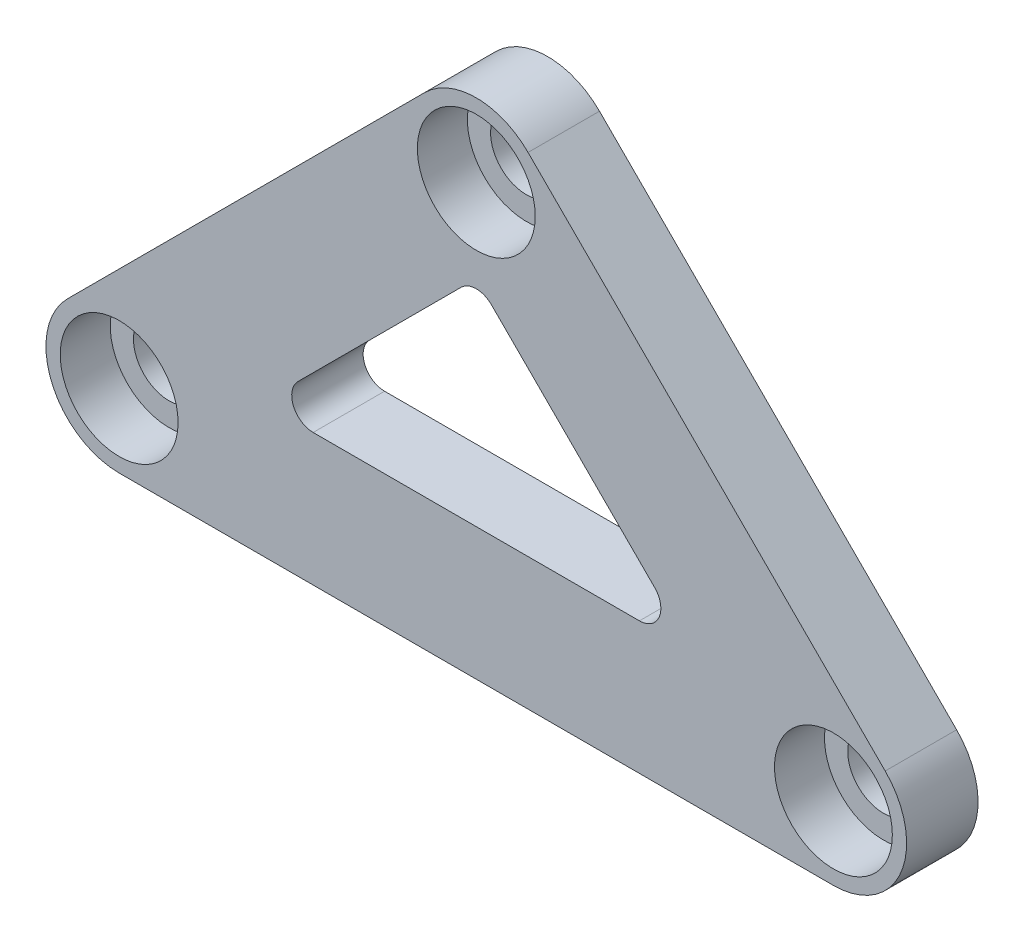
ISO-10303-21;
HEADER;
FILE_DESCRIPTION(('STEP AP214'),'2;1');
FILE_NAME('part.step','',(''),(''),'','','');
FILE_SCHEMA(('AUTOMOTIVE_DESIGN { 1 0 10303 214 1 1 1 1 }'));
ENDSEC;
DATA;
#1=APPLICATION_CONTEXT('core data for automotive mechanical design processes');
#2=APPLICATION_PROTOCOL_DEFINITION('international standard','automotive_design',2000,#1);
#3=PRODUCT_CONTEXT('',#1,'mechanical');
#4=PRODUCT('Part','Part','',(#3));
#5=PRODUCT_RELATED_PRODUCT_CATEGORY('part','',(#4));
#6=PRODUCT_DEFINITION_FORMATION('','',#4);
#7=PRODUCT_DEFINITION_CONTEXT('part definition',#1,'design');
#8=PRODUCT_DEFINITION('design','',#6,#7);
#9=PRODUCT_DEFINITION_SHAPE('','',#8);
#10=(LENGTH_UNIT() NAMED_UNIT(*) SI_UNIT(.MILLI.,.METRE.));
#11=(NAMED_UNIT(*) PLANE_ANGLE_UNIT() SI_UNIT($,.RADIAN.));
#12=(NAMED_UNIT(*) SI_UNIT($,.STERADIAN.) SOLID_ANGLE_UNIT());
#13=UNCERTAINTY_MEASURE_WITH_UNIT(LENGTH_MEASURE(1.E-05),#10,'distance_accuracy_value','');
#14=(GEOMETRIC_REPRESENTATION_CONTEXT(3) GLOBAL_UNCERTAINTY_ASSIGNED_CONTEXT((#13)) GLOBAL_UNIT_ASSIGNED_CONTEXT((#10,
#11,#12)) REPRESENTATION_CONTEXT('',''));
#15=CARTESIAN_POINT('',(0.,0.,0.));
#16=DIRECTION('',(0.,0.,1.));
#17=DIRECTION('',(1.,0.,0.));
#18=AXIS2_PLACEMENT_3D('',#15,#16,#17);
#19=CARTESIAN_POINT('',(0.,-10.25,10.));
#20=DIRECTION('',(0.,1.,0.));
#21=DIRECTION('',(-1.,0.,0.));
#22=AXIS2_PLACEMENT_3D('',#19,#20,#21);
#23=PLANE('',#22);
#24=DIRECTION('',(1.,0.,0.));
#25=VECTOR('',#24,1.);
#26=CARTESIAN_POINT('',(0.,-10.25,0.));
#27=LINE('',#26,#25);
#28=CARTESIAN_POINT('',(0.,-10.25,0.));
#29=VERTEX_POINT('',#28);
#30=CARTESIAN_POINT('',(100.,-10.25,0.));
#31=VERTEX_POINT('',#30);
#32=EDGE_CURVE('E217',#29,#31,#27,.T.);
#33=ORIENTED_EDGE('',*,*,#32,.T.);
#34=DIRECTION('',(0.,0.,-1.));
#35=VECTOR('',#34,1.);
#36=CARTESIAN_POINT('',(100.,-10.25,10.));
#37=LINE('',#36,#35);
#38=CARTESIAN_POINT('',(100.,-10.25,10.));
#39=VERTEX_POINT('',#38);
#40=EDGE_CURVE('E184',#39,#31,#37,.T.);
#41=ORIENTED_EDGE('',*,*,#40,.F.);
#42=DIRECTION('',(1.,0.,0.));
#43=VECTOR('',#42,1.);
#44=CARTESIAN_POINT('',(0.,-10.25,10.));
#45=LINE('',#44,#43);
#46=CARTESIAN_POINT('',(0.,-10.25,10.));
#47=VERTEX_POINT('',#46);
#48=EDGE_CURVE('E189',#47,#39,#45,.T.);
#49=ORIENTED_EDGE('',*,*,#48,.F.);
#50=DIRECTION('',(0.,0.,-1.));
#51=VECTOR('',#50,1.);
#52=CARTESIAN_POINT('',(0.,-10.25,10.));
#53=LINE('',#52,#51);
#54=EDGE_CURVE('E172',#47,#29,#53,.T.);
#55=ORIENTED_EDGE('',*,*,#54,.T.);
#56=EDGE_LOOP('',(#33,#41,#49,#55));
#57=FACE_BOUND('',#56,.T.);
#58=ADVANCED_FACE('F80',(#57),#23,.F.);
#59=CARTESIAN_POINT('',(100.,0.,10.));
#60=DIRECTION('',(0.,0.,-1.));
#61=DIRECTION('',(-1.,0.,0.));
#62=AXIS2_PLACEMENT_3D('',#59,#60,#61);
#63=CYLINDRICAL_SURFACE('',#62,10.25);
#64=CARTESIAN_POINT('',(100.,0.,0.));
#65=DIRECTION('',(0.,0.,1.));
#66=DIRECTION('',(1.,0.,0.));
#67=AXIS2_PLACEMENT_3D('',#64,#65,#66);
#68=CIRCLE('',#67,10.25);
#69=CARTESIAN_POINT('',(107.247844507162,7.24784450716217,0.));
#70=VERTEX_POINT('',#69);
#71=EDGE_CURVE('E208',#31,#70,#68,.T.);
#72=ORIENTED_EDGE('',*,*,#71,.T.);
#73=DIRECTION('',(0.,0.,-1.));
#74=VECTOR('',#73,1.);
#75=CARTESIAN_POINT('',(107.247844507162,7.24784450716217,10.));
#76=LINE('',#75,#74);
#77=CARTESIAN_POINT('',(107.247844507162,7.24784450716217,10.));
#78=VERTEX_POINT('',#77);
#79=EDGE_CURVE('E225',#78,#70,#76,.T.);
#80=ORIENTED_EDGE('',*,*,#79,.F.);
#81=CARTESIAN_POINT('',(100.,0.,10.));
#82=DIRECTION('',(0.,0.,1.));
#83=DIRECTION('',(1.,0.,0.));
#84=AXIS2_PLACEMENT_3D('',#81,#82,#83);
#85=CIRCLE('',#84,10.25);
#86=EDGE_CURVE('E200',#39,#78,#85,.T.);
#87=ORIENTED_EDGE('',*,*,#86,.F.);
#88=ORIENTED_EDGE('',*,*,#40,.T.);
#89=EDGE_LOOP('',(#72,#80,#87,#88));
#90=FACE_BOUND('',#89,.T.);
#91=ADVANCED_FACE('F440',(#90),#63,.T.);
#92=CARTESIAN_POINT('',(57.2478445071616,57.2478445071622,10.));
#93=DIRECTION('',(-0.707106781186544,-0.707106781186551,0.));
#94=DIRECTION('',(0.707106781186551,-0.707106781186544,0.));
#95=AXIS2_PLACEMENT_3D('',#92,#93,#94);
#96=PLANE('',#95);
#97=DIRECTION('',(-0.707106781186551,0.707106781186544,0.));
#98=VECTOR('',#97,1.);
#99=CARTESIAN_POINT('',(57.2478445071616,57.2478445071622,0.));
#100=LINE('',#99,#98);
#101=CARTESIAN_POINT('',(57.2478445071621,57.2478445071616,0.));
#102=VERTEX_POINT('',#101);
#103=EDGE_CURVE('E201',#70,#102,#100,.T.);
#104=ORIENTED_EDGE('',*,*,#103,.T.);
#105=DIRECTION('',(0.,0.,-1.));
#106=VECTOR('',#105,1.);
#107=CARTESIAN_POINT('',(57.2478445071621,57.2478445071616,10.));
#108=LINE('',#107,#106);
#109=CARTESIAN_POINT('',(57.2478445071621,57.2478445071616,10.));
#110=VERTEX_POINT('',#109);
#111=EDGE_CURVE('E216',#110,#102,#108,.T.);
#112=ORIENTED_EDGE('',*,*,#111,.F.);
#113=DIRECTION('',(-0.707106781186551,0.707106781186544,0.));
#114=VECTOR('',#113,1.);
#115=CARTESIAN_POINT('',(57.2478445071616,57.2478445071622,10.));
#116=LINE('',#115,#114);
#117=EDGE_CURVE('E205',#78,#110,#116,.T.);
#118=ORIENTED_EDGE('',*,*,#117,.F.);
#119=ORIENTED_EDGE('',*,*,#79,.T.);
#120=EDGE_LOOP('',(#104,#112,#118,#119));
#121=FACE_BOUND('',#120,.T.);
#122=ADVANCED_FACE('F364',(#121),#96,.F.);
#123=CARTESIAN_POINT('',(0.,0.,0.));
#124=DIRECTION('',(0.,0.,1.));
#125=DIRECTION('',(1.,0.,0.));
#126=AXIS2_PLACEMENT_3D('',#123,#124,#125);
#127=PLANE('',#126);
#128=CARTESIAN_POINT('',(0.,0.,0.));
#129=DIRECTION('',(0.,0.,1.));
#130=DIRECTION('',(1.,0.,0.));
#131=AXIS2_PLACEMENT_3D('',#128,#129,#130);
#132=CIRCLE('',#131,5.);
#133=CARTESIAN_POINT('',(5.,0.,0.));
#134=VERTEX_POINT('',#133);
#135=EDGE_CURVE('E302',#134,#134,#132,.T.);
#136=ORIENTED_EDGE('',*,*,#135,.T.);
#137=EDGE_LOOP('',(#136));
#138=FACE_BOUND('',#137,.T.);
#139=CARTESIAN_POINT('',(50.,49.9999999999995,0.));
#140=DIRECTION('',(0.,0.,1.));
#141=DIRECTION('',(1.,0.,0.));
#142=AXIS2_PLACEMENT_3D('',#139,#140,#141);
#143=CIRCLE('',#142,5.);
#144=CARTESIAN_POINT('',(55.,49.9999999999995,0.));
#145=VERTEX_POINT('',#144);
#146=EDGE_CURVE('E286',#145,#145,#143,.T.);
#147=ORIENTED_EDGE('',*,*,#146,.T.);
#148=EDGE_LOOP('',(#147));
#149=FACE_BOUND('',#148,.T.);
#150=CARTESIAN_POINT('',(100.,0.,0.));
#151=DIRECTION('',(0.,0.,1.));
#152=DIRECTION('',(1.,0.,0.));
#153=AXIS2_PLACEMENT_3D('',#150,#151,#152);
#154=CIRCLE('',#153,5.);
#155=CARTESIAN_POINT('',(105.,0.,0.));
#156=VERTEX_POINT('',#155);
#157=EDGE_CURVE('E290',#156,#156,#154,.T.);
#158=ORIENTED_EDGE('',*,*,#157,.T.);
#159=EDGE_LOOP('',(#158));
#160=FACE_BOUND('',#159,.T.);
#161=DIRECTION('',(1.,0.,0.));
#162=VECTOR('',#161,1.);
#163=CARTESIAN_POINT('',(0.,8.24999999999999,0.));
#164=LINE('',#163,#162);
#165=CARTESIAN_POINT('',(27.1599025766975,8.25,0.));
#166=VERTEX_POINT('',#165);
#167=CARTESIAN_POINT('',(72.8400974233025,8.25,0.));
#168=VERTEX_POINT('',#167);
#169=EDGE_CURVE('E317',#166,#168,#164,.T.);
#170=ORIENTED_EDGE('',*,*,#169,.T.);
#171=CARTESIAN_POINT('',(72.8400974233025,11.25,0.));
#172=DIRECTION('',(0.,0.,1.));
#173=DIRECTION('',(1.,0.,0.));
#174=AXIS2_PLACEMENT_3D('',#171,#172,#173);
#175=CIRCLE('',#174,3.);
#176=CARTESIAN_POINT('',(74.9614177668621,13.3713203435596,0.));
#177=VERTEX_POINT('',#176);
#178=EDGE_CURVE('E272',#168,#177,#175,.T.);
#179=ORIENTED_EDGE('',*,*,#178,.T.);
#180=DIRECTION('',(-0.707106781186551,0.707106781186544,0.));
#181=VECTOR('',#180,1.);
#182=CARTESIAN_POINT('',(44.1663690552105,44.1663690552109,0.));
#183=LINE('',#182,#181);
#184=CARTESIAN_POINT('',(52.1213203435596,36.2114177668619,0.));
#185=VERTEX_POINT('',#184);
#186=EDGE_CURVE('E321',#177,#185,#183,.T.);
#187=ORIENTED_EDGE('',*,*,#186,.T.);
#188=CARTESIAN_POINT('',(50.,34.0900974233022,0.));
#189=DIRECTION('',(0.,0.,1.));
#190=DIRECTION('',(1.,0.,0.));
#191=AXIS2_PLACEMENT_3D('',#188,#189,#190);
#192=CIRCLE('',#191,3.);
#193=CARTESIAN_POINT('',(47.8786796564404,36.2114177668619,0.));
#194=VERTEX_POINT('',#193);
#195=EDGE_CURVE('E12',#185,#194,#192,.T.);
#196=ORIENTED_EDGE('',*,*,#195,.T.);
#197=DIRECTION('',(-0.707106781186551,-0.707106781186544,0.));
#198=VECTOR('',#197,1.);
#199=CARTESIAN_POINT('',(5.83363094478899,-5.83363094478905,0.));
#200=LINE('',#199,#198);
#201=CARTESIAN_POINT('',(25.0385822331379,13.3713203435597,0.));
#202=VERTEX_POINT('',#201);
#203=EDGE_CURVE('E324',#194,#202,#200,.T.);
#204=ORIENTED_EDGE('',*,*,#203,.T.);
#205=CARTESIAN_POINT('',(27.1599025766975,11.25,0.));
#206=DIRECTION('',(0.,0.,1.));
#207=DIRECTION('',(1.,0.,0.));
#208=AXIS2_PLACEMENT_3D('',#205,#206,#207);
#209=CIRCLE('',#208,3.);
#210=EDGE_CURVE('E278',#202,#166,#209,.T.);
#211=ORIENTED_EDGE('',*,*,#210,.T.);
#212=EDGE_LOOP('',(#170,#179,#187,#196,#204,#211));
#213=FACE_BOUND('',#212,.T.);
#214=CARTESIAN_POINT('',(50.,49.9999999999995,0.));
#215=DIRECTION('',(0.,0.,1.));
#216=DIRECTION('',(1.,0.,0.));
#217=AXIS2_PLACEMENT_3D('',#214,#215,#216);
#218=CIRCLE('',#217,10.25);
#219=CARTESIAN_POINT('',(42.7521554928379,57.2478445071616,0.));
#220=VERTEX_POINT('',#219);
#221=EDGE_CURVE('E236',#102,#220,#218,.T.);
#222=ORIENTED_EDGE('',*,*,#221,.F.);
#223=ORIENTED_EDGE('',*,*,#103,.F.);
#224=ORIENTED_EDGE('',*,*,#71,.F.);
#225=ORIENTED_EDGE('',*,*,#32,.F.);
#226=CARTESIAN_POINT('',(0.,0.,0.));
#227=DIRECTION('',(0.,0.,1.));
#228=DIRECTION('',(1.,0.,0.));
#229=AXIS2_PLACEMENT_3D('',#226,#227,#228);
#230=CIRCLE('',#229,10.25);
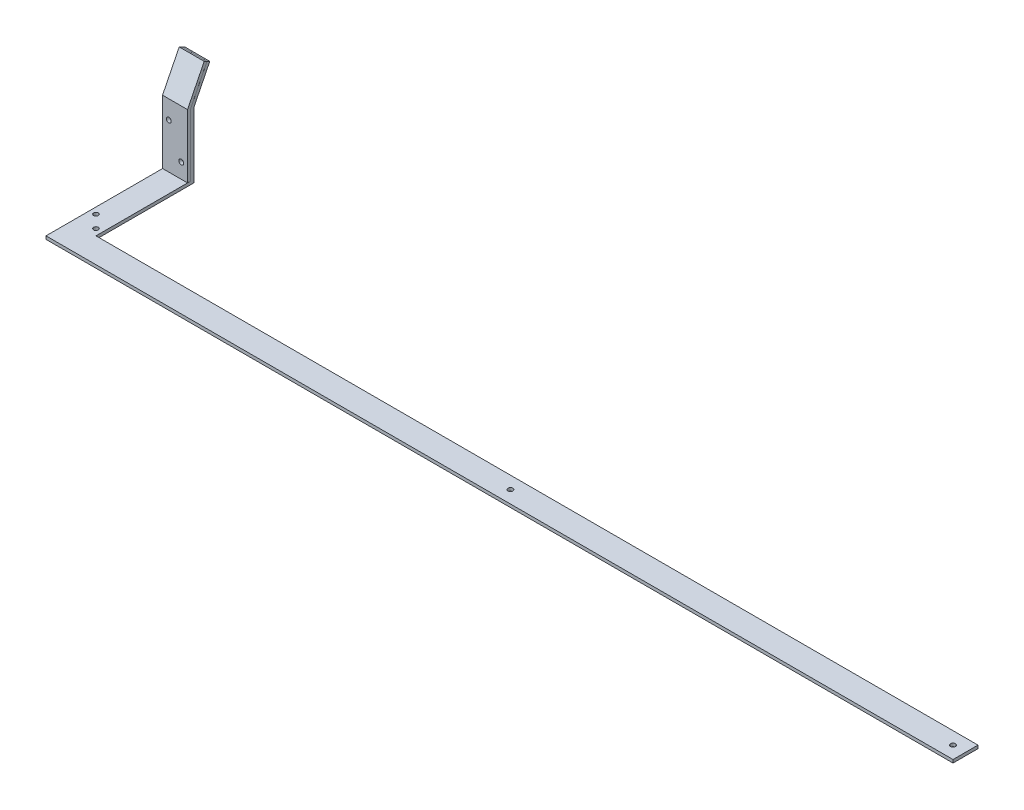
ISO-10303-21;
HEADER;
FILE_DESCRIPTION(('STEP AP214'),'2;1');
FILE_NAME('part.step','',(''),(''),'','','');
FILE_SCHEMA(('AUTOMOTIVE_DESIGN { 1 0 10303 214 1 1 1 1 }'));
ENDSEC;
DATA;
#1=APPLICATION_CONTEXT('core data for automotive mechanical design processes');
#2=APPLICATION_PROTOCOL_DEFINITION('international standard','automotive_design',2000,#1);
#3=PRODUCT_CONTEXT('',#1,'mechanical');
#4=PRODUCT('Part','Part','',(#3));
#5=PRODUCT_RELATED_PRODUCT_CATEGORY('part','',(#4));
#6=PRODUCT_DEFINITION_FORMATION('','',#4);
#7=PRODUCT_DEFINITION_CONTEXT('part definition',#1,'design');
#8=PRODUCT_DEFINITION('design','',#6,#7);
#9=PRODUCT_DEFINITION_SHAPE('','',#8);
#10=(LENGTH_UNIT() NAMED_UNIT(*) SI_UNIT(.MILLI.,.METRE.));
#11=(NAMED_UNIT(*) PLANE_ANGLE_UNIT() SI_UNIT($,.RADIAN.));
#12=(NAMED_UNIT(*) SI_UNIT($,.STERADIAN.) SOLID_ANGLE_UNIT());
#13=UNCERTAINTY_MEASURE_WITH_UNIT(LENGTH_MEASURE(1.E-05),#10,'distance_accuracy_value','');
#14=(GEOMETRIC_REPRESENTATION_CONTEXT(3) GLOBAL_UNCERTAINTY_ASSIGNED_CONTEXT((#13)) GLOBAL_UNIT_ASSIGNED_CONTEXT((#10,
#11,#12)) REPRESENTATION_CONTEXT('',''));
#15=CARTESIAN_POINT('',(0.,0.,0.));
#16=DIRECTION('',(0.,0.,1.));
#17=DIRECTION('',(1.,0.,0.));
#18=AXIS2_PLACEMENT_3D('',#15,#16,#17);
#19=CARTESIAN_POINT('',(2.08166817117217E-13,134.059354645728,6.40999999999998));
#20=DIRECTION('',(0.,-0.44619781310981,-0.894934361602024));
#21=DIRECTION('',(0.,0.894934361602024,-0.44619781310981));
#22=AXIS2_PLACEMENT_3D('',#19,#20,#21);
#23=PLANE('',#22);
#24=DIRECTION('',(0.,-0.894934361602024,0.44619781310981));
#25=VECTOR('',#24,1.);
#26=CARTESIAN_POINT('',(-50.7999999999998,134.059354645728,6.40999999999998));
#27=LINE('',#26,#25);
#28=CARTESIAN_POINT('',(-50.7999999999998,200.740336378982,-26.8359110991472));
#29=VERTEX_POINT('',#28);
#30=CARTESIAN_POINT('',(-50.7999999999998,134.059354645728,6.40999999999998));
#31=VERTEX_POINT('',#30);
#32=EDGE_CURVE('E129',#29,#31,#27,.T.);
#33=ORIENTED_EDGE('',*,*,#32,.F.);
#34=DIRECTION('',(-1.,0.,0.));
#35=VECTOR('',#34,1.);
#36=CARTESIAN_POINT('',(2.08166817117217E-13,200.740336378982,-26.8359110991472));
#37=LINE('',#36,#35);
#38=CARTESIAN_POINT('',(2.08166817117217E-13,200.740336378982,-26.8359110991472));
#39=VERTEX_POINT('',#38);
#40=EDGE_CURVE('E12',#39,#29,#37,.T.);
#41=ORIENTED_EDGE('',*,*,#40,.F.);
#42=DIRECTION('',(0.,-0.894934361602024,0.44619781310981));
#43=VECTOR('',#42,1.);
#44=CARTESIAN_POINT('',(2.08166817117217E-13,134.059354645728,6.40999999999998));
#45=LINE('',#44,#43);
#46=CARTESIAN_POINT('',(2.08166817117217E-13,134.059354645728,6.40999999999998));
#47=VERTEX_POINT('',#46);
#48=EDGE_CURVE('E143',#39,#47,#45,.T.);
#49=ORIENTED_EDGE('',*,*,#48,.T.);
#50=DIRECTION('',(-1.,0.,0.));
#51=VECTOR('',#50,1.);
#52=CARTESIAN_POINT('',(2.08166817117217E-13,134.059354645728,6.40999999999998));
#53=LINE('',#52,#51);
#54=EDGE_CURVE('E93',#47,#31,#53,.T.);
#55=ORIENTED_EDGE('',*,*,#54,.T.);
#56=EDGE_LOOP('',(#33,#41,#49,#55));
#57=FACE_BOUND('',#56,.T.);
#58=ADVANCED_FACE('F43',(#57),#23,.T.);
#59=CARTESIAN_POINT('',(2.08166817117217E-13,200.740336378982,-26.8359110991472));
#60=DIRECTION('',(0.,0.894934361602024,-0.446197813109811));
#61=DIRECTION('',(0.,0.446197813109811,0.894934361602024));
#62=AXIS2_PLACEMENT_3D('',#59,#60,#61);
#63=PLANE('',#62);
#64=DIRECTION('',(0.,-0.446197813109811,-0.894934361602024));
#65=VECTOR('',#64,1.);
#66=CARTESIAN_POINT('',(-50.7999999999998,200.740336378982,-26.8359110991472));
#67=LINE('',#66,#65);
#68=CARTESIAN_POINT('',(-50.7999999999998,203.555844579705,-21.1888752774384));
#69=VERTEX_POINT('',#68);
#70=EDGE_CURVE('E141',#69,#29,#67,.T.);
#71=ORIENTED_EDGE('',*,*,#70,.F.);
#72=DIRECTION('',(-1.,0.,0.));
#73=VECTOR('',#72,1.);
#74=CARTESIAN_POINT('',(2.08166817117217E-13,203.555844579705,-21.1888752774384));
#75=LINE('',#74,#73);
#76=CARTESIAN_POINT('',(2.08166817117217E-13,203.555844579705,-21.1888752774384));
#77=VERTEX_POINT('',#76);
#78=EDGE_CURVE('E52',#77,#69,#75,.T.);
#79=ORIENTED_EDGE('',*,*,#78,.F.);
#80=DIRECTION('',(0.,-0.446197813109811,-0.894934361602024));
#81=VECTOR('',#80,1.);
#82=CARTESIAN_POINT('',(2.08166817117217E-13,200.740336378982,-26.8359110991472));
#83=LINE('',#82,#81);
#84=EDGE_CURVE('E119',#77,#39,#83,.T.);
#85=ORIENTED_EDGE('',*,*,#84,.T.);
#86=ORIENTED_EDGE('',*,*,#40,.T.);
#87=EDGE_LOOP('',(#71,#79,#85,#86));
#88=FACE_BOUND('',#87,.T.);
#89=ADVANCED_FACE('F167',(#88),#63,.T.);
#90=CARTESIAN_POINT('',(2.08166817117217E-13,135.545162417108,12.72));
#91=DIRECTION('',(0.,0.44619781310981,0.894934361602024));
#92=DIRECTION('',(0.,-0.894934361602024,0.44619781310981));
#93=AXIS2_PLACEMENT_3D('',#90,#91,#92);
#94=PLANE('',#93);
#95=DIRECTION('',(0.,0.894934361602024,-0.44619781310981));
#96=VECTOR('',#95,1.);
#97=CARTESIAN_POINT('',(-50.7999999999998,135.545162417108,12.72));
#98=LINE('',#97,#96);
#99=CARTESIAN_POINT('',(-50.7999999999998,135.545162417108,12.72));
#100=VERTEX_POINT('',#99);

- **What to work on**: Retype the portion of the data above that starts on the line with "#98=VECTOR('',#97,1.);" and finishes on the line with "#155=CARTESIAN_POINT('',(105.,0.,0.));", including both of those lines.

- **The completed task**:
#98=VECTOR('',#97,1.);
#99=CARTESIAN_POINT('',(57.2478445071616,57.2478445071622,0.));
#100=LINE('',#99,#98);
#101=CARTESIAN_POINT('',(57.2478445071621,57.2478445071616,0.));
#102=VERTEX_POINT('',#101);
#103=EDGE_CURVE('E201',#70,#102,#100,.T.);
#104=ORIENTED_EDGE('',*,*,#103,.T.);
#105=DIRECTION('',(0.,0.,-1.));
#106=VECTOR('',#105,1.);
#107=CARTESIAN_POINT('',(57.2478445071621,57.2478445071616,10.));
#108=LINE('',#107,#106);
#109=CARTESIAN_POINT('',(57.2478445071621,57.2478445071616,10.));
#110=VERTEX_POINT('',#109);
#111=EDGE_CURVE('E216',#110,#102,#108,.T.);
#112=ORIENTED_EDGE('',*,*,#111,.F.);
#113=DIRECTION('',(-0.707106781186551,0.707106781186544,0.));
#114=VECTOR('',#113,1.);
#115=CARTESIAN_POINT('',(57.2478445071616,57.2478445071622,10.));
#116=LINE('',#115,#114);
#117=EDGE_CURVE('E205',#78,#110,#116,.T.);
#118=ORIENTED_EDGE('',*,*,#117,.F.);
#119=ORIENTED_EDGE('',*,*,#79,.T.);
#120=EDGE_LOOP('',(#104,#112,#118,#119));
#121=FACE_BOUND('',#120,.T.);
#122=ADVANCED_FACE('F364',(#121),#96,.F.);
#123=CARTESIAN_POINT('',(0.,0.,0.));
#124=DIRECTION('',(0.,0.,1.));
#125=DIRECTION('',(1.,0.,0.));
#126=AXIS2_PLACEMENT_3D('',#123,#124,#125);
#127=PLANE('',#126);
#128=CARTESIAN_POINT('',(0.,0.,0.));
#129=DIRECTION('',(0.,0.,1.));
#130=DIRECTION('',(1.,0.,0.));
#131=AXIS2_PLACEMENT_3D('',#128,#129,#130);
#132=CIRCLE('',#131,5.);
#133=CARTESIAN_POINT('',(5.,0.,0.));
#134=VERTEX_POINT('',#133);
#135=EDGE_CURVE('E302',#134,#134,#132,.T.);
#136=ORIENTED_EDGE('',*,*,#135,.T.);
#137=EDGE_LOOP('',(#136));
#138=FACE_BOUND('',#137,.T.);
#139=CARTESIAN_POINT('',(50.,49.9999999999995,0.));
#140=DIRECTION('',(0.,0.,1.));
#141=DIRECTION('',(1.,0.,0.));
#142=AXIS2_PLACEMENT_3D('',#139,#140,#141);
#143=CIRCLE('',#142,5.);
#144=CARTESIAN_POINT('',(55.,49.9999999999995,0.));
#145=VERTEX_POINT('',#144);
#146=EDGE_CURVE('E286',#145,#145,#143,.T.);
#147=ORIENTED_EDGE('',*,*,#146,.T.);
#148=EDGE_LOOP('',(#147));
#149=FACE_BOUND('',#148,.T.);
#150=CARTESIAN_POINT('',(100.,0.,0.));
#151=DIRECTION('',(0.,0.,1.));
#152=DIRECTION('',(1.,0.,0.));
#153=AXIS2_PLACEMENT_3D('',#150,#151,#152);
#154=CIRCLE('',#153,5.);
#155=CARTESIAN_POINT('',(105.,0.,0.));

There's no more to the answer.